Volpe's defense was well aimed and it was no accident that many media sources referred, with implicit racism, repeatedly to Louima "slight build," "lilting accent," and even "a slight lisp." While everyone agreed that what happened to Abner Louima was appalling - some stories going so far as to imply that it was, as tabloids and melodramas were want to say about rape, "a fate worse than death;" the word "unspeakable" appears repeatedly in the news coverage - there was an investment in playing up the idea that somehow Louima was an obvious victim, perhaps not quite entirely (if legally) "innocent."

A sign of how extraordinarily present homosexuality was at the trial - and how powerful its implied stain is - was the statement made by Al Sharpton after Justin Volpe entered his guilty plea. Lambasting Volpe's defense Sharpton referred to the claim that Louima was a homosexual - and caused his own injuries - "a second rape" adding "this vindicates Abner's character. It vindicates those of us who stood by Abner." Outside of the courtroom reporters repeatedly asked Kornberg if Volpe "owed Louima an apology for insinuating that he was gay." The implicit homophobia is these statements indicates the level of anxiety here, as well as that many found the idea, or the (unfounded) charge of, homosexuality as criminal as violent sexual assault.

In the end justice was - at least in part - done.

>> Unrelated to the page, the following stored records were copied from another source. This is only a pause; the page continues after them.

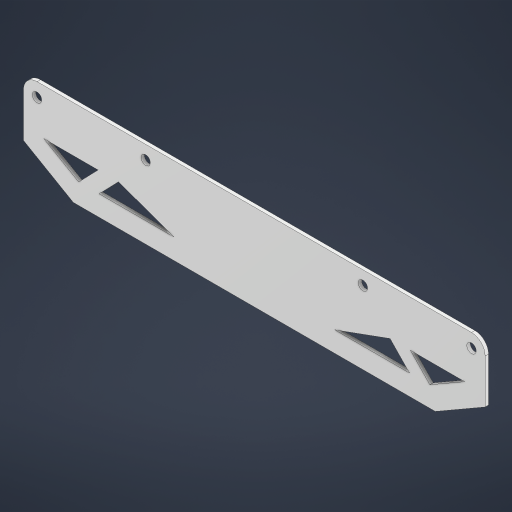
# Autodesk Inventor part: wedge
Saved by Autodesk Inventor 2024 (Build 280153000, 153)
## iProperties
Created: 2023-11-21
Part Number: wedge
Material: Acetal Resin, White
Document SubType Name: Sheet Metal
Designer: avere
Density: 1.425 g/cm^3
Appearance: Smooth - White
Flat Pattern Width: 4.04346 cm
Flat Pattern Length: 21.59 cm
Flat Pattern Area: 87.2982 cm^2
Sheet Metal Rule: Default_mm
Sheet Metal Width: 1.592 in
Sheet Metal Length: 8.500 in
Sheet Metal Area: 13.531 in^2
Author: avere
Autodesk Inventor part; units mm, degrees
ref_plane "YZ Plane" through (0, 0, 0) normal (1, 0, 0) x (0, 1, 0)
ref_plane "XZ Plane" through (0, 0, 0) normal (0, 1, 0) x (-1, 0, 0)
ref_plane "XY Plane" through (0, 0, 0) normal (0, 0, 1) x (1, 0, 0)
sketch "Block1" plane through (0, 0, 0) normal (0, 0, 1) x (1, 0, 0)
  line L0 (-105.9874, 21.1634) -> (-105.9874, 0.5259)
  line L1 (109.9126, 13.2259) -> (-105.9874, 13.2259)
  line L2 (109.9126, 0.5259) -> (109.9126, 21.1634)
  circle A0 centre (-99.6374, 21.1634) radius 2.1844
  arc A1 (-99.6374, 27.5134) -> (-105.9874, 21.1634) centre (-99.6374, 21.1634) ccw
  circle A2 centre (103.5626, 21.1634) radius 2.1844
  arc A3 (109.9126, 21.1634) -> (103.5626, 27.5134) centre (103.5626, 21.1634) ccw
  line L3 (103.5626, 27.5134) -> (-99.6374, 27.5134)
  circle A4 centre (-48.8374, 21.1634) radius 2.1844
  circle A5 centre (52.7626, 21.1634) radius 2.1844
  line L4 (86.6216, -12.9211) -> (-82.6964, -12.9211)
  line L5 (-105.9874, 0.5259) -> (-82.6964, -12.9211)
  line L6 (-105.9874, 0.5259) -> (-79.0933, 0.5259) construction
  line L7 (109.9126, 0.5259) -> (86.6216, -12.9211)
  line L8 (109.9126, 0.5259) -> (136.8067, 0.5259) construction
  line L9 (84.0694, -3.3961) -> (100.3876, 6.0252)
  line L10 (-96.4572, 6.0222) -> (-80.1442, -3.3961)
  line L11 (-80.1442, -3.3961) -> (-71.0624, 6.0222)
  line L12 (-70.6192, -3.3961) -> (-61.5374, 6.0222)
  line L13 (-61.5374, 6.0222) -> (-35.6608, -3.3961)
  line L14 (-71.0624, 6.0222) -> (-96.4572, 6.0222)
  line L15 (74.5444, -3.3961) -> (65.4626, 6.0222)
  line L16 (84.0694, -3.3961) -> (74.9876, 6.0222)
  line L17 (84.0694, -3.3961) -> (99.4401, -3.3961) construction
  line L18 (100.3876, 6.0222) -> (74.9876, 6.0222)
  line L19 (65.4626, 6.0222) -> (39.586, -3.3961)
  line L20 (65.4626, 6.0222) -> (92.9999, 6.0222) construction
  line L21 (-70.6192, -3.3961) -> (-35.6608, -3.3961)
  line L22 (39.586, -3.3961) -> (74.5444, -3.3961)
  point P0 (3.9065, 11.282)
  dimension "d16" = 4.3688
  dimension "d17" = 12.7
  dimension "d18" = 4.3688
  dimension "d19" = 12.7
  dimension "d20" = 4.3688
  dimension "d21" = 4.3688
  dimension "d22" = 30
  dimension "d23" = 150
  dimension "d25" = 9.525
  dimension "d28" = 133.958
  dimension "d29" = 200
  measures "d16" diameter of A0
  measures "d17" diameter of A1
  measures "d18" diameter of A2
  measures "d19" diameter of A3
  measures "d20" diameter of A4
  measures "d21" diameter of A5
  measures "d22" angle of L5 L6
  measures "d23" angle of L7 L8
  measures "d25" distance of L12.start L10.end
  measures "d28" angle of L17 L16
sketch "Sketch1" plane through (0, 0, 0) normal (0, 0, 1) x (1, 0, 0)
  line L0 (-6.35, 1.5875) -> (-6.35, -19.05)
  line L1 (209.55, -6.35) -> (-6.35, -6.35)
  line L2 (209.55, -19.05) -> (209.55, 1.5875)
  circle A0 centre (0, 1.5875) radius 2.1844
  arc A1 (0, 7.9375) -> (-6.35, 1.5875) centre (0, 1.5875) ccw
  circle A2 centre (203.2, 1.5875) radius 2.1844
  arc A3 (209.55, 1.5875) -> (203.2, 7.9375) centre (203.2, 1.5875) ccw
  line L3 (203.2, 7.9375) -> (0, 7.9375)
  circle A4 centre (50.8, 1.5875) radius 2.1844
  circle A5 centre (152.4, 1.5875) radius 2.1844
  line L4 (186.259, -32.4971) -> (16.941, -32.4971)
  line L5 (-6.35, -19.05) -> (16.941, -32.4971)
  line L6 (-6.35, -19.05) -> (20.5441, -19.05) construction
  line L7 (209.55, -19.05) -> (186.259, -32.4971)
  line L8 (209.55, -19.05) -> (236.4441, -19.05) construction
  line L9 (183.7068, -22.9721) -> (200.025, -13.5507)
  line L10 (3.1802, -13.5537) -> (19.4932, -22.9721)
  line L11 (19.4932, -22.9721) -> (28.575, -13.5537)
  line L12 (29.0182, -22.9721) -> (38.1, -13.5537)
  line L13 (38.1, -13.5537) -> (63.9766, -22.9721)
  line L14 (28.575, -13.5537) -> (3.1802, -13.5537)
  line L15 (174.1818, -22.9721) -> (165.1, -13.5537)
  line L16 (183.7068, -22.9721) -> (174.625, -13.5537)
  line L17 (183.7068, -22.9721) -> (199.0775, -22.9721) construction
  line L18 (200.025, -13.5537) -> (174.625, -13.5537)
  line L19 (165.1, -13.5537) -> (139.2234, -22.9721)
  line L20 (165.1, -13.5537) -> (192.6373, -13.5537) construction
  line L21 (29.0182, -22.9721) -> (63.9766, -22.9721)
  line L22 (139.2234, -22.9721) -> (174.1818, -22.9721)
  point P0 (0, 0)
  point P1 (200.0198, -13.5537)
extrude "Extrusion1" add sketch "Sketch1" along normal blind 1.5875
feature "Bend Part1" [suppressed]
equation "\"BendRadius\" = Thickness"
equation "\"BendReliefWidth\" = Thickness"
equation "\"BendReliefDepth\" = 0.5 * Thickness"
equation "\"CornerReliefSize\" = 4 * Thickness"
equation "\"MinimumRemnant\" = 2 * Thickness"
equation "\"TransitionRadius\" = BendRadius"
equation "\"JacobiRadiusSize\" = BendRadius"
equation "\"GapSize\" = Thickness"
equation "\"Thickness\" = 1.5875"
body "Solid1"

But the lingering cloud of virulent homophobia has not cleared. On one level it allowed the "average" reader of the news coverage to distance themselves from both Volpe and Louima; this was a messy, complicated crime that had nothing to do with ordinary people. But the endless, insinuations of homosexuality, both overt and covert, throughout the trial have the net effect of presenting gay male sexuality - for which "sodomy" is the essential image in the popular imagination - as dangerous, non-consensual, violent, and criminal.